Ao longo do tempo, os habitantes da Mesoamérica, região geográfica que compreende o México e a América Central, já adoravam a Panthera onca, a onça-pintada (como é conhecida no Brasil, ou “jaguar”, nos demais países latino-americano). Em celebração do dia 29 de novembro, em que se comemora o Dia Internacional da Onça-Pintada, determinado pelo Programa das Nações Unidas para o Meio Ambiente (Pnuma), a NatGeo traz esse histórico poderoso da representação da onça-pintada na região.

As onças já vagaram pelo sul dos Estados Unidos, passando pelo México e pela América Central, e ao longo da América do Sul chegando até o sul da Argentina.

Caçadores furtivos com pelagem camuflada e olhos que enxergam no escuro, eles facilmente derrubam presas em qualquer lugar — em cima das árvores, no chão ou mesmo nadando nos rios.

Para os povos antigos da Mesoamérica, a onça-pintada era mais do que apenas um animal, ela era divina.

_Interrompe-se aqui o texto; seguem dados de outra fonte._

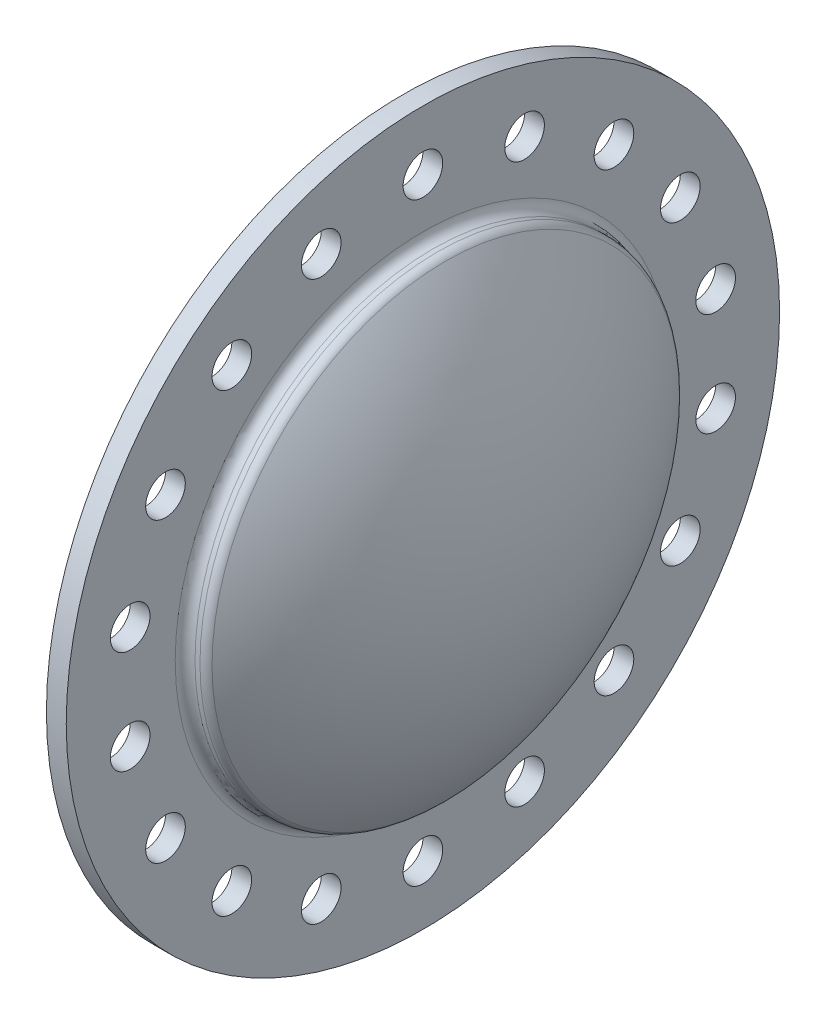
SolidWorks part; units mm, degrees
ref_plane "Front Plane" through (0, 0, 0) normal (0, 0, 1) x (1, 0, 0)
ref_plane "Top Plane" through (0, 0, 0) normal (0, 1, 0) x (1, 0, 0)
ref_plane "Right Plane" through (0, 0, 0) normal (1, 0, 0) x (0, 0, -1)
sketch "Sketch1" plane through (0, 0, 0) normal (1, 0, 0) x (0, 0, -1)
  circle A0 centre (0, 0) radius 75 construction
  circle A1 centre (0, 75) radius 5
  circle A2 centre (25.6516, 70.4773) radius 5
  circle A3 centre (48.2093, 57.454) radius 5
  circle A4 centre (64.9524, 37.5009) radius 5
  circle A5 centre (73.8614, 13.0246) radius 5
  circle A6 centre (73.8618, -13.0226) radius 5
  circle A7 centre (64.9534, -37.4991) radius 5
  circle A8 centre (48.2108, -57.4527) radius 5
  circle A9 centre (25.6535, -70.4766) radius 5
  circle A10 centre (0.002, -75) radius 5
  circle A11 centre (-25.6496, -70.4773) radius 5
  circle A12 centre (-48.2073, -57.454) radius 5
  circle A13 centre (-64.9504, -37.5009) radius 5
  circle A14 centre (-73.8594, -13.0246) radius 5
  circle A15 centre (-73.8598, 13.0226) radius 5
  circle A16 centre (-64.9514, 37.4991) radius 5
  circle A17 centre (-48.2088, 57.4527) radius 5
  circle A18 centre (-25.6515, 70.4766) radius 5
  circle A19 centre (0, 0) radius 90
  circle A20 centre (0, 0) radius 60
  point P42 (0.001, 0)
  dimension "D1" = 150
  dimension "D2" = 10
  dimension "D4" = 180
  dimension "D5" = 120
  dimension "D3" = 18
extrude "Boss-Extrude1" add sketch "Sketch1" along normal blind 5
sketch "Sketch2" plane through (5, 0, 0) normal (1, 0, 0) x (0, 0, -1)
  circle A0 centre (0, 0) radius 60
extrude "Boss-Extrude2" add sketch "Sketch2" along normal blind 5 separate body
dome "Dome1" faces to dome 1 distance 20 reverse direction no elliptical dome no face at (10, 0, -60) parameters "D1"=20
sketch "Sketch3" plane through (5, 0, 0) normal (-1, 0, 0) x (0, 0, 1)
  circle A1 centre (0, 0) radius 60
  circle A2 centre (0, 0) radius 60
  dimension "D1" = 0
extrude "Boss-Extrude3" add sketch "Sketch3" along normal up to surface (5 mm away) up to face at (0, 0, -90)
fillet "Fillet2" radius 2.5 2 edges at (10, 0, -60) (5, 0, -60)
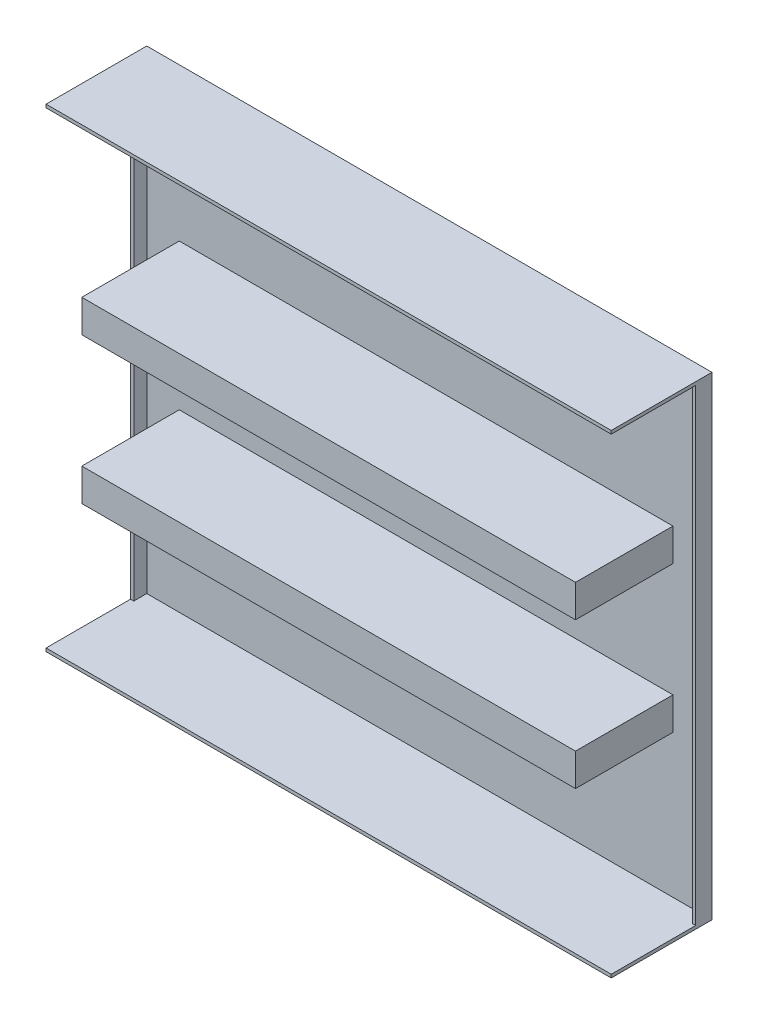
SolidWorks part; units mm, degrees
ref_plane "Płaszczyzna przednia" through (0, 0, 0) normal (0, 0, 1) x (1, 0, 0)
ref_plane "Płaszczyzna górna" through (0, 0, 0) normal (0, 1, 0) x (1, 0, 0)
ref_plane "Płaszczyzna prawa" through (0, 0, 0) normal (1, 0, 0) x (0, 0, -1)
sketch "Szkic1" plane through (0, 0, 0) normal (0, 0, 1) x (1, 0, 0)
  line L0 (0, 0) -> (172, 0)
  line L1 (172, 0) -> (172, 144)
  line L2 (0, 0) -> (0, 144)
  line L3 (0, 144) -> (172, 144)
  line L9 (-1, 145) -> (173, 145)
  line L10 (-1, 145) -> (-1, -1)
  line L11 (-1, -1) -> (173, -1)
  line L12 (173, 145) -> (173, -1)
  point P4 (0, 0)
  point P6 (0, 0)
  dimension "D1" = 144
  dimension "D2" = 172
extrude "Dodanie-wyciągnięcie1" add sketch "Szkic1" along normal blind 1 contours L3 L1 L0 L2
extrude "Dodanie-wyciągnięcie2" add sketch "Szkic1<3>" along normal blind 5 contours L3 L1 L0 L2 | L9 L12 L11 L10
sketch "Szkic1<3>" plane through (0, 0, 0) normal (0, 0, 1) x (1, 0, 0) same geometry as "Szkic1"
sketch "Szkic2" plane through (0, 0, 1) normal (0, 0, 1) x (1, 0, 0)
  line L0 (0, 144) -> (0, 99)
  line L1 (0, 0) -> (0, 144) construction
  line L2 (0, 99) -> (0, 89)
  line L3 (172, 0) -> (172, 144) construction
  line L4 (0, 99) -> (172, 99)
  line L5 (0, 99) -> (0, 89)
  line L6 (0, 89) -> (172, 89)
  line L7 (172, 99) -> (172, 89)
  line L8 (10, 94) -> (10, 49)
  line L9 (0, 99) -> (10, 99)
  line L10 (0, 99) -> (0, 89)
  line L11 (0, 89) -> (10, 89)
  line L12 (10, 99) -> (10, 89)
  line L13 (172, 99) -> (162, 99)
  line L14 (172, 99) -> (172, 89)
  line L15 (172, 89) -> (162, 89)
  line L16 (162, 99) -> (162, 89)
  line L17 (10, 54) -> (10, 44)
  line L19 (10, 44) -> (162, 44)
  line L20 (10, 44) -> (10, 54)
  line L21 (10, 54) -> (162, 54)
  line L22 (162, 44) -> (162, 54)
  circle A0 centre (10, 49) radius 5
  dimension "D6" = 10
  dimension "D1" = 45
  dimension "D2" = 10
  dimension "D3" = 10
  dimension "D4" = 10
  dimension "D5" = 45
extrude "Dodanie-wyciągnięcie4" add sketch "Szkic2" along normal blind 30 contours L4 L6 L7 | L20 L19 L22 L21 region at (86, 94, 1)
sketch "Szkic4" plane through (0, 0, 5) normal (0, 0, 1) x (1, 0, 0)
  line L0 (173, 145) -> (173, -1) construction
  line L1 (-1, -1) -> (173, -1)
  line L2 (-1, -1) -> (-1, 0)
  line L3 (-1, 0) -> (173, 0)
  line L4 (173, -1) -> (173, 0)
  line L6 (-1, 145) -> (173, 145)
  line L7 (-1, 145) -> (-1, 144)
  line L8 (-1, 144) -> (173, 144)
  line L9 (173, 145) -> (173, 144)
extrude "Dodanie-wyciągnięcie5" add sketch "Szkic4" along normal blind 26

Quase todas as civilizações mesoamericanas antigas (como os Maias, os Olmecas, os Astecas e os Incas) reverenciavam a onça-pintada de alguma forma.

Os Olmecas (cerca de 1200-400 a.C.) davam grande destaque às onças-pintadas em sua arte e religião. Esculturas de felinos eram populares, assim como representações de divindades que pareciam ser metade humanas e metade onças-pintadas, que os estudiosos descrevem como metamorfos.

Os Maias também associavam as habilidades desse magnífico felino a vários fenômenos naturais. Eles acreditavam que a capacidade da onça-pintada de enxergar à noite lhe permitia transitar entre mundos, associando-a ao submundo e à mortalidade. A arte e a arquitetura maias também estão repletas de onças-pintadas, sendo a mais famosa talvez o trono da onça-pintada vermelha encontrado em El Castillo, a grande pirâmide de Chichén Itzá, construída há mais de 1.500 anos.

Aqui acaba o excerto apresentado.